Instructions for the task: Although the data below holds other lines too, output only those from the line with "Circle(SKETCH1_R)" up to and including the line with "Circle(SKETCH2_R)", exactly as they appear.

Information shown:

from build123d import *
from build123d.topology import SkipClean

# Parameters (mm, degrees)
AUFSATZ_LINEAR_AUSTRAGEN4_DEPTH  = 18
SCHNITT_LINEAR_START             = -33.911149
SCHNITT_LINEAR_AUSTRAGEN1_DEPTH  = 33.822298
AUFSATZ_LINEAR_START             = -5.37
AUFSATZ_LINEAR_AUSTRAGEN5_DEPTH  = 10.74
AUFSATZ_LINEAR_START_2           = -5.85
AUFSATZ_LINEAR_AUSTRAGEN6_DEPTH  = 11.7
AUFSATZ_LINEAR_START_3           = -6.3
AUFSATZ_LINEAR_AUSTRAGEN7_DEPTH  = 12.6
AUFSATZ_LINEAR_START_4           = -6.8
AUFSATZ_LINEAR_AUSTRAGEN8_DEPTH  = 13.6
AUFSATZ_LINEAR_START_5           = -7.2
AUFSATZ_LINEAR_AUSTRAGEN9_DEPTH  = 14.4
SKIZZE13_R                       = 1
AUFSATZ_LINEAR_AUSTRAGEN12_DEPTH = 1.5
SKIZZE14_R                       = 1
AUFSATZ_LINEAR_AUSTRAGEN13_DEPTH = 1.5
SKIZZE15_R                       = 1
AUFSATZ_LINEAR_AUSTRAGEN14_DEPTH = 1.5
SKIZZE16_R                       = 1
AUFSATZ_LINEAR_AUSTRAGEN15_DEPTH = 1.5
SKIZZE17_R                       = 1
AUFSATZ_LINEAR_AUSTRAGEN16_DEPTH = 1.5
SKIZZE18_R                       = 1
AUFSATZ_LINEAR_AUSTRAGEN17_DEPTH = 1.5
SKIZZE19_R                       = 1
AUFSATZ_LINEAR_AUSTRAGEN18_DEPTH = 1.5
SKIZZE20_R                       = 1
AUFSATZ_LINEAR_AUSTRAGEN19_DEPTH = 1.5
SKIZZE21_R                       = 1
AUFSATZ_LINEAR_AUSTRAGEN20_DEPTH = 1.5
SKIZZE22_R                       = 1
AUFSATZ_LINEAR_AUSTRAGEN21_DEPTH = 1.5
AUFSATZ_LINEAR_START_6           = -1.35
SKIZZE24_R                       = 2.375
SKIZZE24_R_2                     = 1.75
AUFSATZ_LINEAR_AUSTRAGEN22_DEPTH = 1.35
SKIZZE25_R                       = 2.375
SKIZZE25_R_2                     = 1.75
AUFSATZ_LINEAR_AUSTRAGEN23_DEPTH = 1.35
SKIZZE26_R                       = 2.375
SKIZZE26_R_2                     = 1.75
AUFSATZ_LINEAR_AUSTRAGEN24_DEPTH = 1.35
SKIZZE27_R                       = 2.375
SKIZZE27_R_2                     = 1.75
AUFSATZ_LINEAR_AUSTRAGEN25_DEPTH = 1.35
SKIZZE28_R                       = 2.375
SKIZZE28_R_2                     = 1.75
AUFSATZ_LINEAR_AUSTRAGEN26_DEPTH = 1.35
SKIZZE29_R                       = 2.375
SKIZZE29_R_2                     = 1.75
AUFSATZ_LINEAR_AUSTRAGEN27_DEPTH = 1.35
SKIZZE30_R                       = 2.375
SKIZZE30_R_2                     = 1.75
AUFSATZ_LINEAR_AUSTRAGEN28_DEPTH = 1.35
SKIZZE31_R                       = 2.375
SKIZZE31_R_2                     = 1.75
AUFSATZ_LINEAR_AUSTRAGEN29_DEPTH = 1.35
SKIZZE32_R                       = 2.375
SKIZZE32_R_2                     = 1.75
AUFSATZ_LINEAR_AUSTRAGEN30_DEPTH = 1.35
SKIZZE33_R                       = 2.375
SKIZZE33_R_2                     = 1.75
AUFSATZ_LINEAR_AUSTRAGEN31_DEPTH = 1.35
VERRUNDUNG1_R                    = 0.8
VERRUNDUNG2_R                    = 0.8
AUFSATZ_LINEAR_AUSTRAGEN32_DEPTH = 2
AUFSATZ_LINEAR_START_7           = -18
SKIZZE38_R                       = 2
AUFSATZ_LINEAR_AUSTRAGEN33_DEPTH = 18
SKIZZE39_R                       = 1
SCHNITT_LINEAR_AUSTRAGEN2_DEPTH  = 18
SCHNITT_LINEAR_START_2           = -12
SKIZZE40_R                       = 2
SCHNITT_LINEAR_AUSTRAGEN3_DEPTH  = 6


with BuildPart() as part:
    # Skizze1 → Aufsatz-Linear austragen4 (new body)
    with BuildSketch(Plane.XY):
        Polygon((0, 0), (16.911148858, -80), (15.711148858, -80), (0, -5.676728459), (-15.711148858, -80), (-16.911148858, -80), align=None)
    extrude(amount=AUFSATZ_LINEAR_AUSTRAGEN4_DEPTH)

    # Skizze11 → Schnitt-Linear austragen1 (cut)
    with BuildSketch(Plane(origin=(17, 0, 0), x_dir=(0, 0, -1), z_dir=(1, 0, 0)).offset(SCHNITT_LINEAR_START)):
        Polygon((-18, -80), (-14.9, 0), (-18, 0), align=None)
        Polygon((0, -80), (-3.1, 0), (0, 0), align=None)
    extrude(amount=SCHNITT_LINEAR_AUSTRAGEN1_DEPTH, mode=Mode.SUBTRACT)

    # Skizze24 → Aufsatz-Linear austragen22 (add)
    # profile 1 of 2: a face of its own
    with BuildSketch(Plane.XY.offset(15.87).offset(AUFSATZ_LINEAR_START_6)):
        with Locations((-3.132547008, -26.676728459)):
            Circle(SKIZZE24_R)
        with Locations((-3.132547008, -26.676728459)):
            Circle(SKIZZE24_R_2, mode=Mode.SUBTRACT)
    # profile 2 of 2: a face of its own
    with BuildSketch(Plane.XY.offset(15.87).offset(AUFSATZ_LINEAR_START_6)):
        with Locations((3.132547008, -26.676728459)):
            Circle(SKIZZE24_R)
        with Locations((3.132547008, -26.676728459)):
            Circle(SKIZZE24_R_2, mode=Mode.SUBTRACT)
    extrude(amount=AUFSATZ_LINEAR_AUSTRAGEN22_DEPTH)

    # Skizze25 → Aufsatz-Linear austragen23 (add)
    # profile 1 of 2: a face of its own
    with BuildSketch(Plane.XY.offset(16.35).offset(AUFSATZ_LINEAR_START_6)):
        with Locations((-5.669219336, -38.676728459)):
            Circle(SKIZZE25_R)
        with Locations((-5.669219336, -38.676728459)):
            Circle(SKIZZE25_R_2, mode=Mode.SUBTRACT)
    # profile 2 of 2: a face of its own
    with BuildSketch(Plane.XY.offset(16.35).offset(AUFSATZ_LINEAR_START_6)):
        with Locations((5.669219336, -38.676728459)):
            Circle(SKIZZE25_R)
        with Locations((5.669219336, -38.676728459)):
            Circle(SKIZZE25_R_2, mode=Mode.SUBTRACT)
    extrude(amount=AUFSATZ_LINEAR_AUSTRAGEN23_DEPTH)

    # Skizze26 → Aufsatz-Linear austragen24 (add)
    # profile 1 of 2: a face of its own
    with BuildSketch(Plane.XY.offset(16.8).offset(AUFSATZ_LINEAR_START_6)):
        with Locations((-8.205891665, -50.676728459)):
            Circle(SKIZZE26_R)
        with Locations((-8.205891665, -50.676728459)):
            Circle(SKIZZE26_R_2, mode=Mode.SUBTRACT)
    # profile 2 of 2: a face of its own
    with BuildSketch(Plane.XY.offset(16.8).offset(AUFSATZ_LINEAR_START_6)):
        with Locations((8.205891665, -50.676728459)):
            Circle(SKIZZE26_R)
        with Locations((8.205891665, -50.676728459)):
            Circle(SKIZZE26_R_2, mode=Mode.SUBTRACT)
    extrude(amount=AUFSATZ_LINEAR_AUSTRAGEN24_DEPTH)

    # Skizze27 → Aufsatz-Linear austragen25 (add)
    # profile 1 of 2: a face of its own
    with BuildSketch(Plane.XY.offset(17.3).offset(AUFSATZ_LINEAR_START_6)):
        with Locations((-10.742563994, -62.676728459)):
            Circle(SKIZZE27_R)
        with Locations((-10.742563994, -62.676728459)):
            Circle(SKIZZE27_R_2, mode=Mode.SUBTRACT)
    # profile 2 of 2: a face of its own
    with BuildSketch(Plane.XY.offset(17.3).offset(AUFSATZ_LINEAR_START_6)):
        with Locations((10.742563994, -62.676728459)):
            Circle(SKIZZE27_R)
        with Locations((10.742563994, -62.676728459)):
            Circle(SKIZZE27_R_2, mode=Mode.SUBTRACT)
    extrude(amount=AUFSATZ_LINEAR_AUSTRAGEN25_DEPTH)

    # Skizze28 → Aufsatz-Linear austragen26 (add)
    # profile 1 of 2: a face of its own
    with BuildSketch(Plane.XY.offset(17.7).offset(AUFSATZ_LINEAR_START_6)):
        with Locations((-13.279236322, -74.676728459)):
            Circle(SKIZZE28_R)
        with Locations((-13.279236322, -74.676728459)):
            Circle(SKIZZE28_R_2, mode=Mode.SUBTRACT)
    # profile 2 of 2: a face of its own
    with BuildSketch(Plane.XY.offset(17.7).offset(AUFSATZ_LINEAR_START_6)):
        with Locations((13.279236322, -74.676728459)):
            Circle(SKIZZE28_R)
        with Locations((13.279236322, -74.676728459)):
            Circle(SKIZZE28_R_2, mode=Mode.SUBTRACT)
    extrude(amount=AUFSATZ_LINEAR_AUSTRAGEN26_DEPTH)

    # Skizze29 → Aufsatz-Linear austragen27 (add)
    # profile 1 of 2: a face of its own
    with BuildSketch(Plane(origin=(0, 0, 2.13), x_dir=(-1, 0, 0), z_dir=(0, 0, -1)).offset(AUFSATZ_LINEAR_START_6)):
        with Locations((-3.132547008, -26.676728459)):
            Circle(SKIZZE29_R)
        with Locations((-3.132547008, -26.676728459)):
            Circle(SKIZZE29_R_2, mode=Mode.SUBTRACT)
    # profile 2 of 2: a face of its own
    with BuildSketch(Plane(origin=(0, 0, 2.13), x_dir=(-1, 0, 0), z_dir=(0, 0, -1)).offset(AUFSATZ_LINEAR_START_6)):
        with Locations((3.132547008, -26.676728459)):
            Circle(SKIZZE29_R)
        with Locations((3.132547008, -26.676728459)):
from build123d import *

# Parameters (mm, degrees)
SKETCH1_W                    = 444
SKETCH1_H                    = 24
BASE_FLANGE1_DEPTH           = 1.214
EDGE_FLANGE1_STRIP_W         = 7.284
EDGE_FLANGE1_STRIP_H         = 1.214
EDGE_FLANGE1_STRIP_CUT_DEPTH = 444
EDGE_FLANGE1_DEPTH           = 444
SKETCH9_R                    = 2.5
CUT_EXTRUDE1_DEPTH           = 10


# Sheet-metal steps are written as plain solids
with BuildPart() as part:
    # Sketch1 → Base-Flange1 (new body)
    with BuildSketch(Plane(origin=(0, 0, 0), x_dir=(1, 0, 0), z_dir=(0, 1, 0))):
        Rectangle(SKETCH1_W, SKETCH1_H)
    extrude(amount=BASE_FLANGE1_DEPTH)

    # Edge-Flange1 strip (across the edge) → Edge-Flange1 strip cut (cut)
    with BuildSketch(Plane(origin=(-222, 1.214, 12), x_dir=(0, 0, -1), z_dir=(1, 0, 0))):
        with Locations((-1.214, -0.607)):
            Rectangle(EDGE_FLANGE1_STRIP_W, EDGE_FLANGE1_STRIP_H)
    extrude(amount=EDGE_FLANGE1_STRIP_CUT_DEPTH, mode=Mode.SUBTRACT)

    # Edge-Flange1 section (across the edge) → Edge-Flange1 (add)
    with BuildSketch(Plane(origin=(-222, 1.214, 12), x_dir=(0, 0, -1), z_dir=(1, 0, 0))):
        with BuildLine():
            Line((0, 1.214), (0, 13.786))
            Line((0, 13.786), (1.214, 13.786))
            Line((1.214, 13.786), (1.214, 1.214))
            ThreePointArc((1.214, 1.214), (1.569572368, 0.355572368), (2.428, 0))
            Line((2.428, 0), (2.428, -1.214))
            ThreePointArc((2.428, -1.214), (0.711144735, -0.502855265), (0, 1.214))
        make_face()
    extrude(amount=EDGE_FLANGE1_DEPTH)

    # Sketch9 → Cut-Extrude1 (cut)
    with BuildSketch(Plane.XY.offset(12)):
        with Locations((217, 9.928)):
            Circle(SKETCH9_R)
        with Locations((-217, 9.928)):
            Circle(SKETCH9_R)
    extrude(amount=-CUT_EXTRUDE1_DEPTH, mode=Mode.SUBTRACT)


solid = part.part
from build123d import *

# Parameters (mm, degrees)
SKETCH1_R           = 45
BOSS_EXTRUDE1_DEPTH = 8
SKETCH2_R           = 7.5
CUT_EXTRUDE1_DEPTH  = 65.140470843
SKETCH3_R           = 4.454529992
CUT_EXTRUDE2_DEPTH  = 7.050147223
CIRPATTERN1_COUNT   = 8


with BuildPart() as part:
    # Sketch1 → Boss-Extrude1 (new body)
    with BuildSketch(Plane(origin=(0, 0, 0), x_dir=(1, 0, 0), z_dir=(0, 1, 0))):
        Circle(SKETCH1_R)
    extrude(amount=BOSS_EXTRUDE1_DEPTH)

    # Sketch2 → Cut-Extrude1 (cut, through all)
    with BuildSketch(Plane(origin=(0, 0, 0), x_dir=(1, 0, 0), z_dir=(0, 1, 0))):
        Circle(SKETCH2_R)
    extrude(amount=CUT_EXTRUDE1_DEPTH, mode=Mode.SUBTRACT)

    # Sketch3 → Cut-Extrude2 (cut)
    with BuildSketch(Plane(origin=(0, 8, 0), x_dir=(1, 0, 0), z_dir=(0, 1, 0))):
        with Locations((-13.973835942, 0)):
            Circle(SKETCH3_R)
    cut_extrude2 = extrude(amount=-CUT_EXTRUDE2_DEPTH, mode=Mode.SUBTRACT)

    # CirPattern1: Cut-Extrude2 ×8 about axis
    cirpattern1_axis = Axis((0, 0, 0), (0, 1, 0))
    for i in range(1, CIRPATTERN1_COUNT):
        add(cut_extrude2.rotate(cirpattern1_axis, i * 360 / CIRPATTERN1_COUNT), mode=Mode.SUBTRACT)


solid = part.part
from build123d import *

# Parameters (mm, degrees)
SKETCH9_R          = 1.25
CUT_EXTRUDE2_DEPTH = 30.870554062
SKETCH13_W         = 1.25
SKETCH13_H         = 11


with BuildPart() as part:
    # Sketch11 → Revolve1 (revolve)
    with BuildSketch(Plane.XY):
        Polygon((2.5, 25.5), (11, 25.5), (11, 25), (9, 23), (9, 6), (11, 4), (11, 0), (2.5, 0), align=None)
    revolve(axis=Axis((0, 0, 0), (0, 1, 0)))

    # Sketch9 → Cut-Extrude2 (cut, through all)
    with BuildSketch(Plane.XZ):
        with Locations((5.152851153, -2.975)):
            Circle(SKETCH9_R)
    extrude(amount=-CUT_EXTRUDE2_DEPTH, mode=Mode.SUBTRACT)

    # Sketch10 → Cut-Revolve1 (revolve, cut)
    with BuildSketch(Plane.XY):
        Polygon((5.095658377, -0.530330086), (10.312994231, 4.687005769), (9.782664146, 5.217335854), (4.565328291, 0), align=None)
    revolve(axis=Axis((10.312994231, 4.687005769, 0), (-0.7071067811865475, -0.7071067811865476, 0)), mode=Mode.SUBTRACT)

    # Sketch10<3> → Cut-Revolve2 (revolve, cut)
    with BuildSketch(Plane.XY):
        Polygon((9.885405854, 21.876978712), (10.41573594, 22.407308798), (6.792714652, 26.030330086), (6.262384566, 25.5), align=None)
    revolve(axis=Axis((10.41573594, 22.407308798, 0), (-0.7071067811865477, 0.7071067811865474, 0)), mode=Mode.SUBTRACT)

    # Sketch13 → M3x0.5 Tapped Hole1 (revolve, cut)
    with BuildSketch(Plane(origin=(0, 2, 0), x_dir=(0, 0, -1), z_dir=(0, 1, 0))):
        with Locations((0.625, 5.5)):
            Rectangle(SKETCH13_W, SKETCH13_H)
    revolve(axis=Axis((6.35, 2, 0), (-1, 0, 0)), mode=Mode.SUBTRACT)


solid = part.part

Answer for the task:
        Circle(SKETCH1_R)
    extrude(amount=BOSS_EXTRUDE1_DEPTH)

    # Sketch2 → Cut-Extrude1 (cut, through all)
    with BuildSketch(Plane(origin=(0, 0, 0), x_dir=(1, 0, 0), z_dir=(0, 1, 0))):
        Circle(SKETCH2_R)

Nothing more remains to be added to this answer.